------ MATERIAL SHOWN

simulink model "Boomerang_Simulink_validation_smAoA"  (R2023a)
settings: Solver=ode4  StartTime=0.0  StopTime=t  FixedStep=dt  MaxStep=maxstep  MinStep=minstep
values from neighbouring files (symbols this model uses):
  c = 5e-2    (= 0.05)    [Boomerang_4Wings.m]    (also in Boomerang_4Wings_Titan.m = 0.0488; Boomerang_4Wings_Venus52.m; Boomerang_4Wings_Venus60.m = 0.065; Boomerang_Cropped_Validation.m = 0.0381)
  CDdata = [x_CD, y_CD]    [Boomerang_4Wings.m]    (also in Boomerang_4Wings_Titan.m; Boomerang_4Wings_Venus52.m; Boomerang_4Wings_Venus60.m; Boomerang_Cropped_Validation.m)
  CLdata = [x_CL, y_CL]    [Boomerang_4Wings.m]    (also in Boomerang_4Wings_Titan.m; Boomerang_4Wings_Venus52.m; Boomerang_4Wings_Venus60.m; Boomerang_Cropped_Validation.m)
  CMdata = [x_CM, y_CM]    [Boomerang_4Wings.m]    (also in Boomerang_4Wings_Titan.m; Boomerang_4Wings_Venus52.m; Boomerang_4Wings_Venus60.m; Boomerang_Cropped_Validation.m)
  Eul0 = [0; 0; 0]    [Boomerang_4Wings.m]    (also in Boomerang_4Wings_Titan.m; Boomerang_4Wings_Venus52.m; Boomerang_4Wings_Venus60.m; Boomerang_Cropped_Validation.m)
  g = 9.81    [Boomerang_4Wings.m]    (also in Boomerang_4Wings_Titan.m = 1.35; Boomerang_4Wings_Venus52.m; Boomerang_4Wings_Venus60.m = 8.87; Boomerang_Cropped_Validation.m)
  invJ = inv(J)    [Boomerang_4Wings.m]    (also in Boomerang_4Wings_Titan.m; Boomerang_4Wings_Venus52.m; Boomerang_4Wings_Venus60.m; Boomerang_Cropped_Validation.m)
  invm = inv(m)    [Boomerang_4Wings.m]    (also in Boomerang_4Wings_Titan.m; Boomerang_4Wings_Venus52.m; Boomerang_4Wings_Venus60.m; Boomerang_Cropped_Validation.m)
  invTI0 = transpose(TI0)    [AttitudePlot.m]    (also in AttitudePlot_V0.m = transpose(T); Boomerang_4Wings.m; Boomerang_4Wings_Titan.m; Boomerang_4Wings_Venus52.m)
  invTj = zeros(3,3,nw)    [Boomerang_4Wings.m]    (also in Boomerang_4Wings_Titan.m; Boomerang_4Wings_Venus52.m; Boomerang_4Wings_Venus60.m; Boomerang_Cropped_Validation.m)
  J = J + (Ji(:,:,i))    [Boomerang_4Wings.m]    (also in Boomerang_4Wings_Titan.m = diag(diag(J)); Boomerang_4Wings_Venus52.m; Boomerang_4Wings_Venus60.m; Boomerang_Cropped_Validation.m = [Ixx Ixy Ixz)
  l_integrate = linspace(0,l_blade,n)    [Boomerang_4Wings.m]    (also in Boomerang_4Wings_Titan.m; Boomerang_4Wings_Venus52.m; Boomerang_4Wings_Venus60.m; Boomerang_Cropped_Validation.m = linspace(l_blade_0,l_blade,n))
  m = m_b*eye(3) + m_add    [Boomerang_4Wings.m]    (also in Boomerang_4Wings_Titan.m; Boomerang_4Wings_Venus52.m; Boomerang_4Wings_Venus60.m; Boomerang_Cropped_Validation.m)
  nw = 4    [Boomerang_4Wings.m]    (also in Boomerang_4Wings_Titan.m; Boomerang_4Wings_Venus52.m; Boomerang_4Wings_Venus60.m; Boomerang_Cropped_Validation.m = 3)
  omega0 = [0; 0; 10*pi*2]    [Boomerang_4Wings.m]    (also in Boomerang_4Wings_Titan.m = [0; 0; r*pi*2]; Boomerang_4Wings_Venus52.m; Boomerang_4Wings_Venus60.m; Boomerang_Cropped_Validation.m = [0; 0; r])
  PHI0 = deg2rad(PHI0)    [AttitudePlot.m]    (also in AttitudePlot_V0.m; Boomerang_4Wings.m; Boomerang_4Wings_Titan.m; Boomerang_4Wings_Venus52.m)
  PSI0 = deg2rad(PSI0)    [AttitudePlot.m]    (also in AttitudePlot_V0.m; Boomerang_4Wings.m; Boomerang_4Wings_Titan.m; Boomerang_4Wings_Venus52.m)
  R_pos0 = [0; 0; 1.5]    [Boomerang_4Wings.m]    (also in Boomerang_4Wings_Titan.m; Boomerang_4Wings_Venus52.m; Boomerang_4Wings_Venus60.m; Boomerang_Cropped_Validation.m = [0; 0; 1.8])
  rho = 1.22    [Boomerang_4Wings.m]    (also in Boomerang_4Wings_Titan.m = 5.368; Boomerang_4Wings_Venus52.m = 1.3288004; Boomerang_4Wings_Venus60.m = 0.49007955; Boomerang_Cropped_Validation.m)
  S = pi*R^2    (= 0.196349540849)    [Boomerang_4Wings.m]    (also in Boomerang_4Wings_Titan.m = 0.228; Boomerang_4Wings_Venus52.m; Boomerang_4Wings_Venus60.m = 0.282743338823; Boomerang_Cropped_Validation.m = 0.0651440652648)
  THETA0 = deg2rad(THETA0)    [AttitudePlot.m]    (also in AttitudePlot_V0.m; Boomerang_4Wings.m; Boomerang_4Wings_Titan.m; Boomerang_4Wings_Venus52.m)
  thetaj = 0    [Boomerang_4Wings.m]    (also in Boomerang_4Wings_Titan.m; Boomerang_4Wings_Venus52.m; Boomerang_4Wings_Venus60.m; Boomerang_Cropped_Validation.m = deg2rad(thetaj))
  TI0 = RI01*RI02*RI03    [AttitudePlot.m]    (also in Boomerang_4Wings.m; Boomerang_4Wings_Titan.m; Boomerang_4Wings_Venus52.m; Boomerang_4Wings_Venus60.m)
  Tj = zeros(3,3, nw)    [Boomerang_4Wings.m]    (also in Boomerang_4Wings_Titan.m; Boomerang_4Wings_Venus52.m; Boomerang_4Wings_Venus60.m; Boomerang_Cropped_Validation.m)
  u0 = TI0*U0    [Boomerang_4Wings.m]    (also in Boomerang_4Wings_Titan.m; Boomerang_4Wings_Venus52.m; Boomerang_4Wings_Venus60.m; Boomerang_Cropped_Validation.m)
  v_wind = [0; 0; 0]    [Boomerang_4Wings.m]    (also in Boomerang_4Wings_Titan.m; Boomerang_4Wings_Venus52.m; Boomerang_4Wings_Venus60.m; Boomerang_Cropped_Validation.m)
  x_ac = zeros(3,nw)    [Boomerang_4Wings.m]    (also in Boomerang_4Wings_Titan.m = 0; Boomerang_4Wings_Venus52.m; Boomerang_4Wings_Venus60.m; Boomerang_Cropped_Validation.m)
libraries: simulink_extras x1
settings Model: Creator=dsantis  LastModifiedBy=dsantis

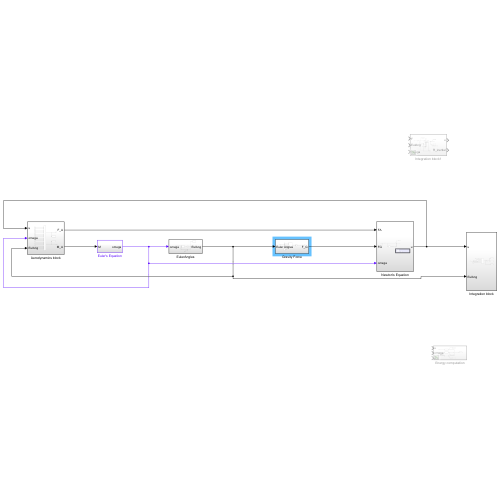
[thumbnail: Simulink's stored preview of the top-level diagram]
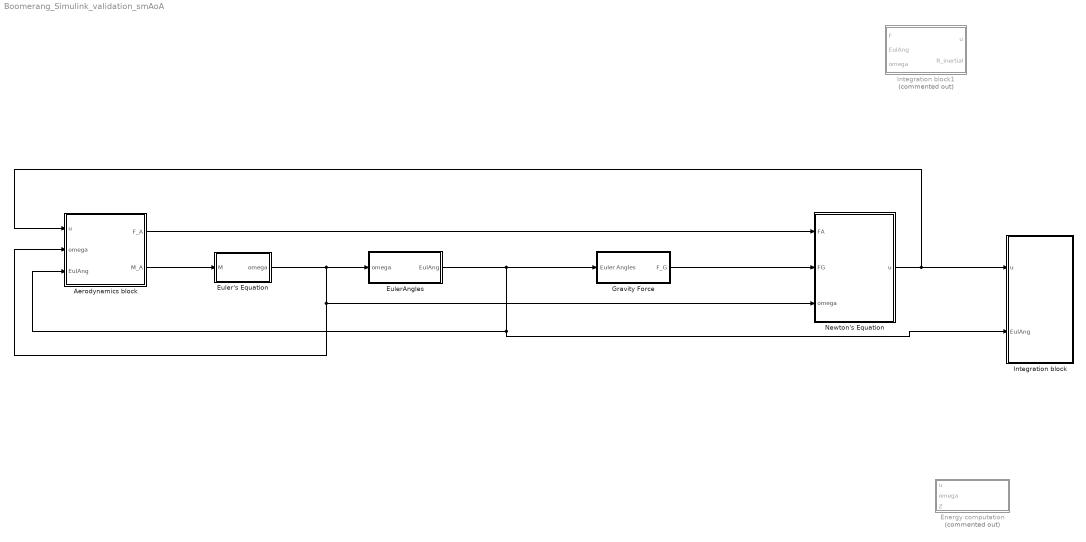
== system Boomerang_Simulink_validation_smAoA ==
  Aerodynamics block : Subsystem
  Energy computation : Subsystem  Commented=on
  Euler's Equation : Subsystem
  EulerAngles : Subsystem
  Gravity Force : Subsystem
  Integration block : Subsystem
  Integration block1 : Subsystem  Commented=on
  Newton's Equation : Subsystem
  wires:
  Euler's Equation/1(omega) -> EulerAngles/1(omega), Aerodynamics block/2(omega), Newton's Equation/3(omega)
  Newton's Equation/1(u) -> Aerodynamics block/1(u), Integration block/1(u)
  Gravity Force/1(F_G) -> Newton's Equation/2(FG)
  Aerodynamics block/2(M_A) -> Euler's Equation/1(M)
  EulerAngles/1(EulAng) -> Aerodynamics block/3(EulAng), Integration block/2(EulAng), Gravity Force/1(Euler Angles)
  Aerodynamics block/1(F_A) -> Newton's Equation/1(FA)

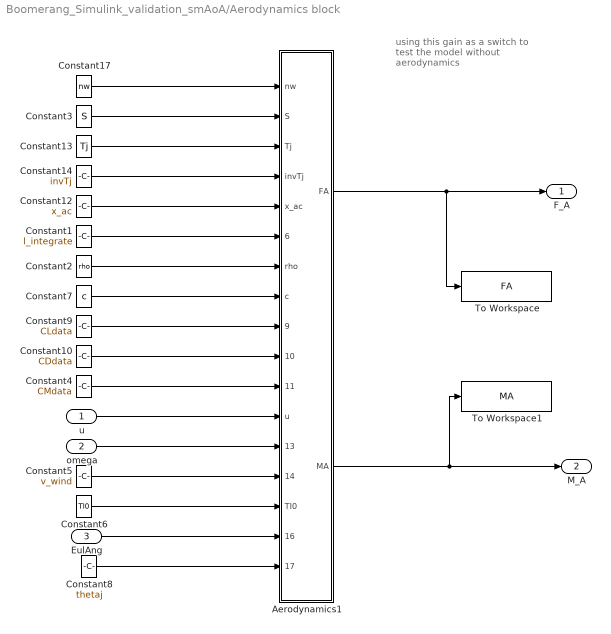
== system Boomerang_Simulink_validation_smAoA/Aerodynamics block ==
  note: using this gain as a switch
      | to test the model without aerodynamics
  u : Inport
  omega : Inport  Port=2
  EulAng : Inport  Port=3
  Aerodynamics1 : MATLAB Function  TreatAsAtomicUnit=on
  Constant1 : Constant  Value=l_integrate
  Constant10 : Constant  Value=CDdata
  Constant12 : Constant  Value=x_ac
  Constant13 : Constant  Value=Tj
  Constant14 : Constant  Value=invTj
  Constant17 : Constant  Value=nw
  Constant2 : Constant  Value=rho
  Constant3 : Constant  Value=S
  Constant4 : Constant  Value=CMdata
  Constant5 : Constant  Value=v_wind
  Constant6 : Constant  Value=TI0
  Constant7 : Constant  Value=c
  Constant8 : Constant  Value=thetaj
  Constant9 : Constant  Value=CLdata
  To Workspace : ToWorkspace  VariableName=FA  SampleTime=-1
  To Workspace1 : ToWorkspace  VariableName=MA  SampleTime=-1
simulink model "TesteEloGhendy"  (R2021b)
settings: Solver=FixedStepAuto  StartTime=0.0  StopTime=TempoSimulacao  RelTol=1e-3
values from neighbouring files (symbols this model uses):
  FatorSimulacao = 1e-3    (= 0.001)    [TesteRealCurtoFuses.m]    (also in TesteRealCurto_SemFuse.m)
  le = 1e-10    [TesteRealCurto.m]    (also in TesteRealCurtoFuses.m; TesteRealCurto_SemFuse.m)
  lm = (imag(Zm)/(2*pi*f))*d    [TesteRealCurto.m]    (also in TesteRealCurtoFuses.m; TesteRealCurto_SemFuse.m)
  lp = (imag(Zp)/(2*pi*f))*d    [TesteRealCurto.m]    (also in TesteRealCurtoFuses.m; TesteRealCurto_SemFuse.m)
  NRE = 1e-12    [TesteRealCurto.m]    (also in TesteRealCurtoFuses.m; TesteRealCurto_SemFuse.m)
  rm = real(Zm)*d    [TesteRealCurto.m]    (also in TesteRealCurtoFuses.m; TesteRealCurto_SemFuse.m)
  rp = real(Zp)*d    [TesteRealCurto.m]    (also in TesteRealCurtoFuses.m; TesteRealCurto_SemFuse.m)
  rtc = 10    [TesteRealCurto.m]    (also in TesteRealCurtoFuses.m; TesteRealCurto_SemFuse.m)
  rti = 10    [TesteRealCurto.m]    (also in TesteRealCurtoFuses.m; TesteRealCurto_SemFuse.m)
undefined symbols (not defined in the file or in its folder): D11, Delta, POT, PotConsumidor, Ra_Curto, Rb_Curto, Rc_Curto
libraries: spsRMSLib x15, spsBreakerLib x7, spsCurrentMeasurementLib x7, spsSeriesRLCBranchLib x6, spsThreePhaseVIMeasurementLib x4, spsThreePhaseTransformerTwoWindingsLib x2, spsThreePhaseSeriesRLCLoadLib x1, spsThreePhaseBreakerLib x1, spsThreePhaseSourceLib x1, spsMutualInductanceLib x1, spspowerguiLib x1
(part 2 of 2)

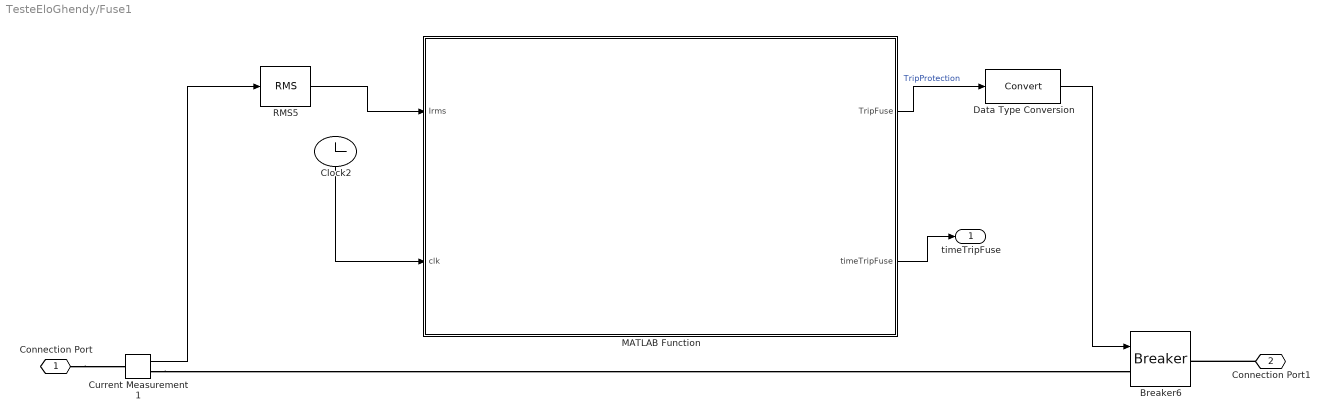
== system TesteEloGhendy/Fuse1 ==
  Breaker6 : spsBreakerLib/Breaker  InitialState=1  SwitchingTimes="[1/60  5/60]"  External=on  BreakerResistance=0.01  SnubberResistance=1e6  SnubberCapacitance=inf  Measurements=None  MoreParameters=on  NoBreakLoop=off
      settings: SourceProductBaseCode=PS
  Clock2 : Clock
      settings: Decimation=1000
  Current Measurement1 : spsCurrentMeasurementLib/Current Measurement  PhasorSimulation=off  OutputType=Complex  PSBequivalent=0
  Data Type Conversion : DataTypeConversion
  MATLAB Function : MATLAB Function
  RMS5 : spsRMSLib/RMS  TrueRMS=on  Freq=60  RMSInit=0  Ts=0
  Connection Port : PMIOPort  Side=Right
  Connection Port1 : PMIOPort  Port=2  Side=Left
  timeTripFuse : Outport
  wires:
  MATLAB Function/1(TripFuse) -> Data Type Conversion/1  "TripProtection"
  RMS5/1 -> MATLAB Function/1(Irms)
  Data Type Conversion/1 -> Breaker6/1
  Current Measurement1/1 -> RMS5/1
  Clock2/1 -> MATLAB Function/2(clk)
  MATLAB Function/2(timeTripFuse) -> timeTripFuse/1
  connections:
  Current Measurement1/RConn1 -- Breaker6/LConn1
  Connection Port/RConn1 -- Current Measurement1/LConn1
  Connection Port1/RConn1 -- Breaker6/RConn1

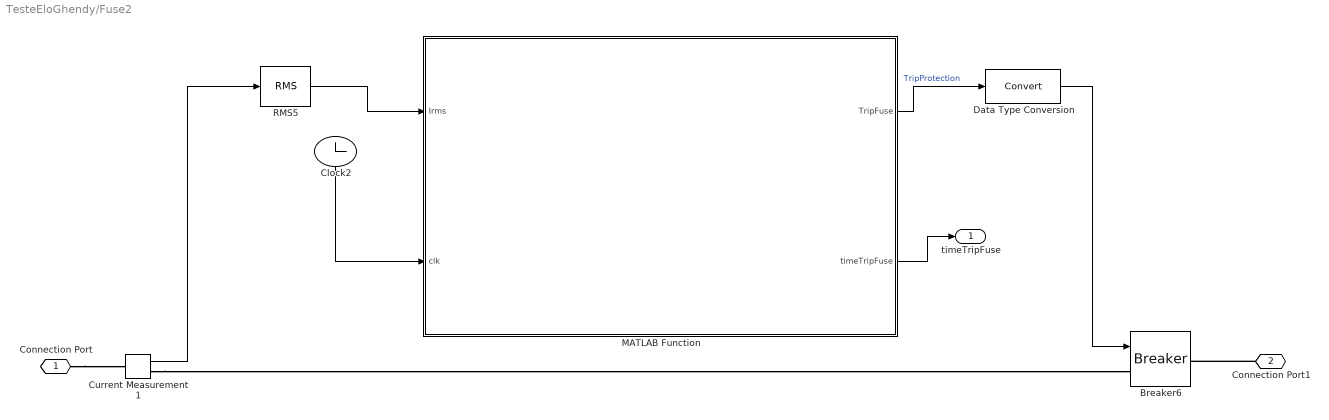
== system TesteEloGhendy/Fuse2 ==
  Breaker6 : spsBreakerLib/Breaker  InitialState=1  SwitchingTimes="[1/60  5/60]"  External=on  BreakerResistance=0.01  SnubberResistance=1e6  SnubberCapacitance=inf  Measurements=None  MoreParameters=on  NoBreakLoop=off
      settings: SourceProductBaseCode=PS
  Clock2 : Clock
      settings: Decimation=1000
  Current Measurement1 : spsCurrentMeasurementLib/Current Measurement  PhasorSimulation=off  OutputType=Complex  PSBequivalent=0
  Data Type Conversion : DataTypeConversion
  MATLAB Function : MATLAB Function
  RMS5 : spsRMSLib/RMS  TrueRMS=on  Freq=60  RMSInit=0  Ts=0
  Connection Port : PMIOPort  Side=Right
  Connection Port1 : PMIOPort  Port=2  Side=Left
  timeTripFuse : Outport
  wires:
  MATLAB Function/1(TripFuse) -> Data Type Conversion/1  "TripProtection"
  RMS5/1 -> MATLAB Function/1(Irms)
  Data Type Conversion/1 -> Breaker6/1
  Current Measurement1/1 -> RMS5/1
  Clock2/1 -> MATLAB Function/2(clk)
  MATLAB Function/2(timeTripFuse) -> timeTripFuse/1
  connections:
  Current Measurement1/RConn1 -- Breaker6/LConn1
  Connection Port/RConn1 -- Current Measurement1/LConn1
  Connection Port1/RConn1 -- Breaker6/RConn1

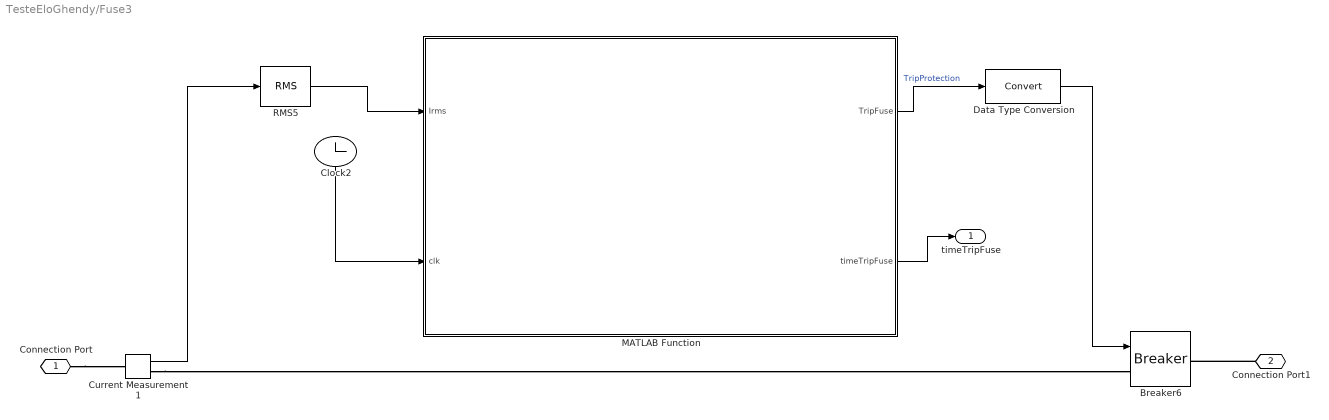
== system TesteEloGhendy/Fuse3 ==
  Breaker6 : spsBreakerLib/Breaker  InitialState=1  SwitchingTimes="[1/60  5/60]"  External=on  BreakerResistance=0.01  SnubberResistance=1e6  SnubberCapacitance=inf  Measurements=None  MoreParameters=on  NoBreakLoop=off
      settings: SourceProductBaseCode=PS
  Clock2 : Clock
      settings: Decimation=1000
  Current Measurement1 : spsCurrentMeasurementLib/Current Measurement  PhasorSimulation=off  OutputType=Complex  PSBequivalent=0
  Data Type Conversion : DataTypeConversion
  MATLAB Function : MATLAB Function
  RMS5 : spsRMSLib/RMS  TrueRMS=on  Freq=60  RMSInit=0  Ts=0
  Connection Port : PMIOPort  Side=Right
  Connection Port1 : PMIOPort  Port=2  Side=Left
  timeTripFuse : Outport
  wires:
  MATLAB Function/1(TripFuse) -> Data Type Conversion/1  "TripProtection"
  RMS5/1 -> MATLAB Function/1(Irms)
  Data Type Conversion/1 -> Breaker6/1
  Current Measurement1/1 -> RMS5/1
  Clock2/1 -> MATLAB Function/2(clk)
  MATLAB Function/2(timeTripFuse) -> timeTripFuse/1
  connections:
  Current Measurement1/RConn1 -- Breaker6/LConn1
  Connection Port/RConn1 -- Current Measurement1/LConn1
  Connection Port1/RConn1 -- Breaker6/RConn1

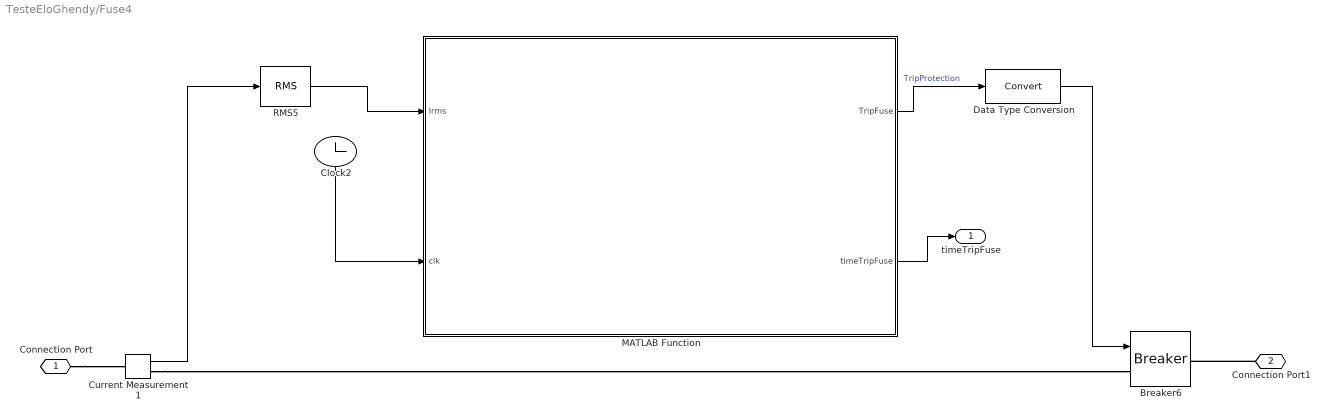
== system TesteEloGhendy/Fuse4 ==
  Breaker6 : spsBreakerLib/Breaker  InitialState=1  SwitchingTimes="[1/60  5/60]"  External=on  BreakerResistance=0.01  SnubberResistance=1e6  SnubberCapacitance=inf  Measurements=None  MoreParameters=on  NoBreakLoop=off
      settings: SourceProductBaseCode=PS
  Clock2 : Clock
      settings: Decimation=1000
  Current Measurement1 : spsCurrentMeasurementLib/Current Measurement  PhasorSimulation=off  OutputType=Complex  PSBequivalent=0
  Data Type Conversion : DataTypeConversion
  MATLAB Function : MATLAB Function
  RMS5 : spsRMSLib/RMS  TrueRMS=on  Freq=60  RMSInit=0  Ts=0
  Connection Port : PMIOPort  Side=Right
  Connection Port1 : PMIOPort  Port=2  Side=Left
  timeTripFuse : Outport
  wires:
  MATLAB Function/1(TripFuse) -> Data Type Conversion/1  "TripProtection"
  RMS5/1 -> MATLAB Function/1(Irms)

------------

Everything from the first line above through the line that contains "CMdata = [x_CM, y_CM]" should be duplicated exactly, please, and nothing beyond it.

simulink model "Boomerang_Simulink_validation_smAoA"  (R2023a)
settings: Solver=ode4  StartTime=0.0  StopTime=t  FixedStep=dt  MaxStep=maxstep  MinStep=minstep
values from neighbouring files (symbols this model uses):
  c = 5e-2    (= 0.05)    [Boomerang_4Wings.m]    (also in Boomerang_4Wings_Titan.m = 0.0488; Boomerang_4Wings_Venus52.m; Boomerang_4Wings_Venus60.m = 0.065; Boomerang_Cropped_Validation.m = 0.0381)
  CDdata = [x_CD, y_CD]    [Boomerang_4Wings.m]    (also in Boomerang_4Wings_Titan.m; Boomerang_4Wings_Venus52.m; Boomerang_4Wings_Venus60.m; Boomerang_Cropped_Validation.m)
  CLdata = [x_CL, y_CL]    [Boomerang_4Wings.m]    (also in Boomerang_4Wings_Titan.m; Boomerang_4Wings_Venus52.m; Boomerang_4Wings_Venus60.m; Boomerang_Cropped_Validation.m)
  CMdata = [x_CM, y_CM]    [Boomerang_4Wings.m]    (also in Boomerang_4Wings_Titan.m; Boomerang_4Wings_Venus52.m; Boomerang_4Wings_Venus60.m; Boomerang_Cropped_Validation.m)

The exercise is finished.